For the x axis, x = 0.5 makes in centered and y = 0.90 puts it very close to the bottom of the plot.
wrap_elements(grid::textGrob('Percent student agreeing', x = 0.96, y = 0.5, rot = 90)) + plot / wrap_elements(grid::textGrob('Year', x = 0.5, y = 0.90))
YAY, but now I have this plot that is squished to the right with massive white patches. Maybe the plot_layout() function will help? Here I am specifying that there are 2 columns in the grid and that the left one (containing only the y axis) should be very skinny.
wrap_elements(grid::textGrob('Percent student agreeing', x = 0.8, y = 0.6, rot = 90)) + plot / wrap_elements(grid::textGrob('Year', x = 0.5, y = 0.90)) +
plot_layout(ncol = 2, widths = c(0.2,2))
This took a lot of fiddling. But it works! I ended up needing to adjust the x y position of the textGrob, but that looks pretty good!
The patchwork package is really cool, it would be nice if it had the functionality to make x and y axis labels that were at the level of the whole plot once it was patched together.

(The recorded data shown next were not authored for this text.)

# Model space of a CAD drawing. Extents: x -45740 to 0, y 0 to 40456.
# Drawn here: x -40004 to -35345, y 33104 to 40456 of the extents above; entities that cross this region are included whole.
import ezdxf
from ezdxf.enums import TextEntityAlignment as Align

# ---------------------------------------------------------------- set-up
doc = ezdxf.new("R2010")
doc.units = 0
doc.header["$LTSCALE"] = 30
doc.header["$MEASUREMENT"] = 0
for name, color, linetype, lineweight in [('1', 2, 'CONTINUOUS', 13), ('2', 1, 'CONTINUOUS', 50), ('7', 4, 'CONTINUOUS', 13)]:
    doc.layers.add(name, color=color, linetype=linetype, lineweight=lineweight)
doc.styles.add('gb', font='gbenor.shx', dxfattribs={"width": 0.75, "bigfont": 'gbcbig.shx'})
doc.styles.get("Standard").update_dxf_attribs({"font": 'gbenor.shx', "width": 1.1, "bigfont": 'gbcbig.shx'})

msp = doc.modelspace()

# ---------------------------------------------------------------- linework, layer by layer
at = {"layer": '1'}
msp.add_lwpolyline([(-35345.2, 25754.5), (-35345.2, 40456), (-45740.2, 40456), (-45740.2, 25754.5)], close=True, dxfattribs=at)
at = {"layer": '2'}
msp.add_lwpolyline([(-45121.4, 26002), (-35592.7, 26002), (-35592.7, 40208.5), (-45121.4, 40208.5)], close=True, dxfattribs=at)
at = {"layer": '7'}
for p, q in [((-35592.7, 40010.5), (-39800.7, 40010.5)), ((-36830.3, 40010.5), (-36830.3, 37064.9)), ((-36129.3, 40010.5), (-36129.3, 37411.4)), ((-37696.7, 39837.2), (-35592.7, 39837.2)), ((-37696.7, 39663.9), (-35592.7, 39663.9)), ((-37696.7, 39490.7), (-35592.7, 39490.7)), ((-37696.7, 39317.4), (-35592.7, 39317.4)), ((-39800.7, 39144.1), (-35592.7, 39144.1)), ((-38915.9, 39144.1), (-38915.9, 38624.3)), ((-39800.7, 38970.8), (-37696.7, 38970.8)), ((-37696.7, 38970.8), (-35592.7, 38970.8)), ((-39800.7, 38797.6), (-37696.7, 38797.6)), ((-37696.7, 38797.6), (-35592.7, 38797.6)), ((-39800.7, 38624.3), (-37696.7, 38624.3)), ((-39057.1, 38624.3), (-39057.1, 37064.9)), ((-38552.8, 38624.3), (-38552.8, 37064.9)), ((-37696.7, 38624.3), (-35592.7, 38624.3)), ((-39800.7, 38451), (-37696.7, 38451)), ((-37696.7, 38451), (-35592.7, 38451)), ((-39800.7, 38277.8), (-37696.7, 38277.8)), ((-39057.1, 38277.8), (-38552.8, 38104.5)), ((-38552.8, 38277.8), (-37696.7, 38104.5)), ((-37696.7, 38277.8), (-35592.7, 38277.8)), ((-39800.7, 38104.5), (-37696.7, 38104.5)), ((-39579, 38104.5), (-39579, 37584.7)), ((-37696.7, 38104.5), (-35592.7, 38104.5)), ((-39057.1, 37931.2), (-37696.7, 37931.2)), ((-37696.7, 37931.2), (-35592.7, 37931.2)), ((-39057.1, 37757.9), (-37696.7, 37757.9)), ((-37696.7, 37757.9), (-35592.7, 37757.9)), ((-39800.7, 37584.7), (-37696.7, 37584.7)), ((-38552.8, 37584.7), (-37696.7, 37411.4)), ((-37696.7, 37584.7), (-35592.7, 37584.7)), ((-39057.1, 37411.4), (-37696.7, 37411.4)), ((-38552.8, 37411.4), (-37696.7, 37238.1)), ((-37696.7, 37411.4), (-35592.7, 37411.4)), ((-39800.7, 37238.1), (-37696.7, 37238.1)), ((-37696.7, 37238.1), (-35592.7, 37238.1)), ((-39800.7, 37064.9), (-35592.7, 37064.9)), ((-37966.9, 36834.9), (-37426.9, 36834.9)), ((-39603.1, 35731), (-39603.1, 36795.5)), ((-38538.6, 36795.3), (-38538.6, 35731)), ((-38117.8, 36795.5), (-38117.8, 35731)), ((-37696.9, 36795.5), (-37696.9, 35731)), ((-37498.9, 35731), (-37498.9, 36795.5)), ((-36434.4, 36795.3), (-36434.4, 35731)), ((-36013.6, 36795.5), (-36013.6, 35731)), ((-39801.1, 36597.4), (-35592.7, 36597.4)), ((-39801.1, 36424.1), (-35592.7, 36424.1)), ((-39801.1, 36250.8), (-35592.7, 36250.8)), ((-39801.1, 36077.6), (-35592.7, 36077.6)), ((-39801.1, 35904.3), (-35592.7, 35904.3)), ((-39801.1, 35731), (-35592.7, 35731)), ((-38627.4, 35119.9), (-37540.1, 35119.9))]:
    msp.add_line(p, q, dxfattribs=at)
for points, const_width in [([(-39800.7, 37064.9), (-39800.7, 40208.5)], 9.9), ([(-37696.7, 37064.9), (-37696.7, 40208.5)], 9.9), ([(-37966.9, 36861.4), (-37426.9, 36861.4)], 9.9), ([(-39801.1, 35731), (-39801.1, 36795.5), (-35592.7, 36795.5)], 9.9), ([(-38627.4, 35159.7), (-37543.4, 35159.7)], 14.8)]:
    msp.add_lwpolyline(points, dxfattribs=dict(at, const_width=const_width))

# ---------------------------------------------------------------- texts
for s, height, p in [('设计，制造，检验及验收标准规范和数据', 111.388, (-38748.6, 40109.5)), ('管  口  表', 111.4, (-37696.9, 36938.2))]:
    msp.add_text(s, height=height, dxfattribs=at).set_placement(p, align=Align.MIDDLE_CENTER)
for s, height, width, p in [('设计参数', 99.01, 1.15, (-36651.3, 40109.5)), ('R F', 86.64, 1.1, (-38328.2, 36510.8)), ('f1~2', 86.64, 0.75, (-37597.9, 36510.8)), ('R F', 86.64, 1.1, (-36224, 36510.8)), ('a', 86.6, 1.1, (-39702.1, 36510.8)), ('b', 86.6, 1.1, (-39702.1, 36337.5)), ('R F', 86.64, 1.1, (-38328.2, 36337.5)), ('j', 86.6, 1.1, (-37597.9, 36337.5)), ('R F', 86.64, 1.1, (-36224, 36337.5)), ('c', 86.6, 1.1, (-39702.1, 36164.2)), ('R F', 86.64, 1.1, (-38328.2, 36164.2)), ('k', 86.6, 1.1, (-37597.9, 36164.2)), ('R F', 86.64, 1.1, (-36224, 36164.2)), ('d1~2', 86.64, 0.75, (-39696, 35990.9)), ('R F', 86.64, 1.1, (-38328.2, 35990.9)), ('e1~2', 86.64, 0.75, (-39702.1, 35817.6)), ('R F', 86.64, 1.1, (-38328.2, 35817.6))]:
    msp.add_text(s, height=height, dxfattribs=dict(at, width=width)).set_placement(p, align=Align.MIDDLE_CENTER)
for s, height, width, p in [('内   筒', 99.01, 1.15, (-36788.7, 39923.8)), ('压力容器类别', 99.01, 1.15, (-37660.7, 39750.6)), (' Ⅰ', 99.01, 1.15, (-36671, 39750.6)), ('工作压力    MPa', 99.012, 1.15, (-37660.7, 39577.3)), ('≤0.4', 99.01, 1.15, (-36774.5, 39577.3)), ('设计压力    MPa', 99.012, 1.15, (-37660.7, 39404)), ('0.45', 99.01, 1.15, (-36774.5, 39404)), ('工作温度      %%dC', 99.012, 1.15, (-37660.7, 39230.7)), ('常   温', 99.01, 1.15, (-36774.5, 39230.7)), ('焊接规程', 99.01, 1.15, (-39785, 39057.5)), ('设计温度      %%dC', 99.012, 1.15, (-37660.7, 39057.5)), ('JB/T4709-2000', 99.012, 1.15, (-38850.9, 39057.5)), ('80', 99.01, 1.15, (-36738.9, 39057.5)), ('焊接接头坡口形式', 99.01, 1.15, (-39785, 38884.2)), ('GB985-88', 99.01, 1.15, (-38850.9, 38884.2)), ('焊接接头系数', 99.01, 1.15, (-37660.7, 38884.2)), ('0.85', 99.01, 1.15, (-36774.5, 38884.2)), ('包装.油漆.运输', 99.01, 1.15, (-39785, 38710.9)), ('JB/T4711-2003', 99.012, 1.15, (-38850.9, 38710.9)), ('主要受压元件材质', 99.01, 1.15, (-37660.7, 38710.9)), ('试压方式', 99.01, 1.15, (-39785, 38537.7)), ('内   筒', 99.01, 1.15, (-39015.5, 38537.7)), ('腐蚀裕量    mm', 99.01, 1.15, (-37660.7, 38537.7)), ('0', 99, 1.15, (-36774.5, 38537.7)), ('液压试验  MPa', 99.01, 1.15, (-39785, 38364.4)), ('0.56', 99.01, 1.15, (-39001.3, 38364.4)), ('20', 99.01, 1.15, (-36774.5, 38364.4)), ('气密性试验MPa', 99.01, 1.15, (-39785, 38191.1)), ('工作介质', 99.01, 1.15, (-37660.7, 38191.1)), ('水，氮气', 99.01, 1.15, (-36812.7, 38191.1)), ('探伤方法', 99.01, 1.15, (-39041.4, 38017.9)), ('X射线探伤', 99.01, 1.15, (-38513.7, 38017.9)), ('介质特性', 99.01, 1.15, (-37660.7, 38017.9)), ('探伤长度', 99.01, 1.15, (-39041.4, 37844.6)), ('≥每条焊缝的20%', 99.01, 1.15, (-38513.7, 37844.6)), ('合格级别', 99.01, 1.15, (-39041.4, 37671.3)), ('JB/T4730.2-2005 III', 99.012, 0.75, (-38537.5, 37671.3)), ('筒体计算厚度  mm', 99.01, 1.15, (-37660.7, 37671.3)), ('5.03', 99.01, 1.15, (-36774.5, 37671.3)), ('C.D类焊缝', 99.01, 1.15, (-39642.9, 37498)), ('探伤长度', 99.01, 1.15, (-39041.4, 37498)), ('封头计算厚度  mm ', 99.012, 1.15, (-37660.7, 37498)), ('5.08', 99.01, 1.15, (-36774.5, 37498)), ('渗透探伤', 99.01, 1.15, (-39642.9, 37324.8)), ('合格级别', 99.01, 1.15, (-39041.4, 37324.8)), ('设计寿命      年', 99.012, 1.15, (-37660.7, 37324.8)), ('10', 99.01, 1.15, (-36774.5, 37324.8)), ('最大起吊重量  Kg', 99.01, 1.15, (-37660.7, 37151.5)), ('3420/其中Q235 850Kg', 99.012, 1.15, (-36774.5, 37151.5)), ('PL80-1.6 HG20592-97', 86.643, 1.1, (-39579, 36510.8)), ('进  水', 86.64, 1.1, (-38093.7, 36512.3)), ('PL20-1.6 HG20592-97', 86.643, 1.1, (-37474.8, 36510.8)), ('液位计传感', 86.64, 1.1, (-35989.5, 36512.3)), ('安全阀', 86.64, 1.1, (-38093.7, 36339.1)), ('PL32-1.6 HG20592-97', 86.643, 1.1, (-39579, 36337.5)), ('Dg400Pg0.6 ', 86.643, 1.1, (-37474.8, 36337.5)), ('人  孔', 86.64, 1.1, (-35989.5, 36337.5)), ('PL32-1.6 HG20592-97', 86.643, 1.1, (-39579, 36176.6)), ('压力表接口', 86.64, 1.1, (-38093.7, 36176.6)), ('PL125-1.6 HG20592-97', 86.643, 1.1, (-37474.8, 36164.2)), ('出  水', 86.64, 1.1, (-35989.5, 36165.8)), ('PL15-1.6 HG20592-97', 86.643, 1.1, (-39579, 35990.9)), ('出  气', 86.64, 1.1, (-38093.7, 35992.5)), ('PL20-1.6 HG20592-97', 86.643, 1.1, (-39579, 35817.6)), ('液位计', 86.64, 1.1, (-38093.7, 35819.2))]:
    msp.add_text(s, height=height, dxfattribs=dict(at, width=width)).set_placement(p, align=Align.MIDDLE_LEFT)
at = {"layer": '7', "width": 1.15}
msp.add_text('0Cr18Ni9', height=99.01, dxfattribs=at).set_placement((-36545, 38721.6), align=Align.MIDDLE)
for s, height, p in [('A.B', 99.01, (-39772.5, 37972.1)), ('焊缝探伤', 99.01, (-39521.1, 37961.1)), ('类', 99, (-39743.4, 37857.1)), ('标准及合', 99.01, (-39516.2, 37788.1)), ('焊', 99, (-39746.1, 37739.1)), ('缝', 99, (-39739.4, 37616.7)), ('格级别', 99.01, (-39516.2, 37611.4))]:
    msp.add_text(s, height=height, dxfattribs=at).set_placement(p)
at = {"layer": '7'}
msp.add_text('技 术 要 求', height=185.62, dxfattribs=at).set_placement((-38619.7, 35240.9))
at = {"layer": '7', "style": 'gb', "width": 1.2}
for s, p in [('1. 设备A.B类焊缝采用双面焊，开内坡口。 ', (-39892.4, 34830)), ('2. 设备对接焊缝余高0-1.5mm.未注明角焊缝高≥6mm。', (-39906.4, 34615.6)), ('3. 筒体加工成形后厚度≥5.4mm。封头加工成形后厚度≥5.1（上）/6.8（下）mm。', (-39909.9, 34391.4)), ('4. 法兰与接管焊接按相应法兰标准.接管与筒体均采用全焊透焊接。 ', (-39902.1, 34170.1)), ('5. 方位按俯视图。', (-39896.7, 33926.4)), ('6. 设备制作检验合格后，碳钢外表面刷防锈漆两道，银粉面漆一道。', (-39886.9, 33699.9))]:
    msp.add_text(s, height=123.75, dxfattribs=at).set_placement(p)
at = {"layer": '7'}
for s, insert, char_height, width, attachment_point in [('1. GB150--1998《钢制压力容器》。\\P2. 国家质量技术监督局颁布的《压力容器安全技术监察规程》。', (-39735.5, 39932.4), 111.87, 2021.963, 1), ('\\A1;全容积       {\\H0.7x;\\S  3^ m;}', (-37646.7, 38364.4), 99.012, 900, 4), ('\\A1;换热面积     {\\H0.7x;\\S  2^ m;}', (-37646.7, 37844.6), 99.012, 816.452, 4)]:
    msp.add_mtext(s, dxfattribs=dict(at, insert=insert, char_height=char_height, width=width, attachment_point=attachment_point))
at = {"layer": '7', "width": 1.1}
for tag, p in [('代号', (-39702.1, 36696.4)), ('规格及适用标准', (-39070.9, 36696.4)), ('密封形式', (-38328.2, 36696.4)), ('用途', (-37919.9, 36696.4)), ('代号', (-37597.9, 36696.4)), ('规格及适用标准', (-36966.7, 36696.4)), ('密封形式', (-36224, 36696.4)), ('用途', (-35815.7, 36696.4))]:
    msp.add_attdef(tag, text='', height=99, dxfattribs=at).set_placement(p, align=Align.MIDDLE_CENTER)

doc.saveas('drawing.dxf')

I learned a lot about grid graphics from trying to manually add axis labels.
Next step… do the same for elective courses. The nice thing about working out this out is that now that I have code that works, I can just substitute different data in and create the same style plots. It is time consuming to work it out the first time, but writing code to automate a manual process that you have to do repeatedly is like putting money in the bank.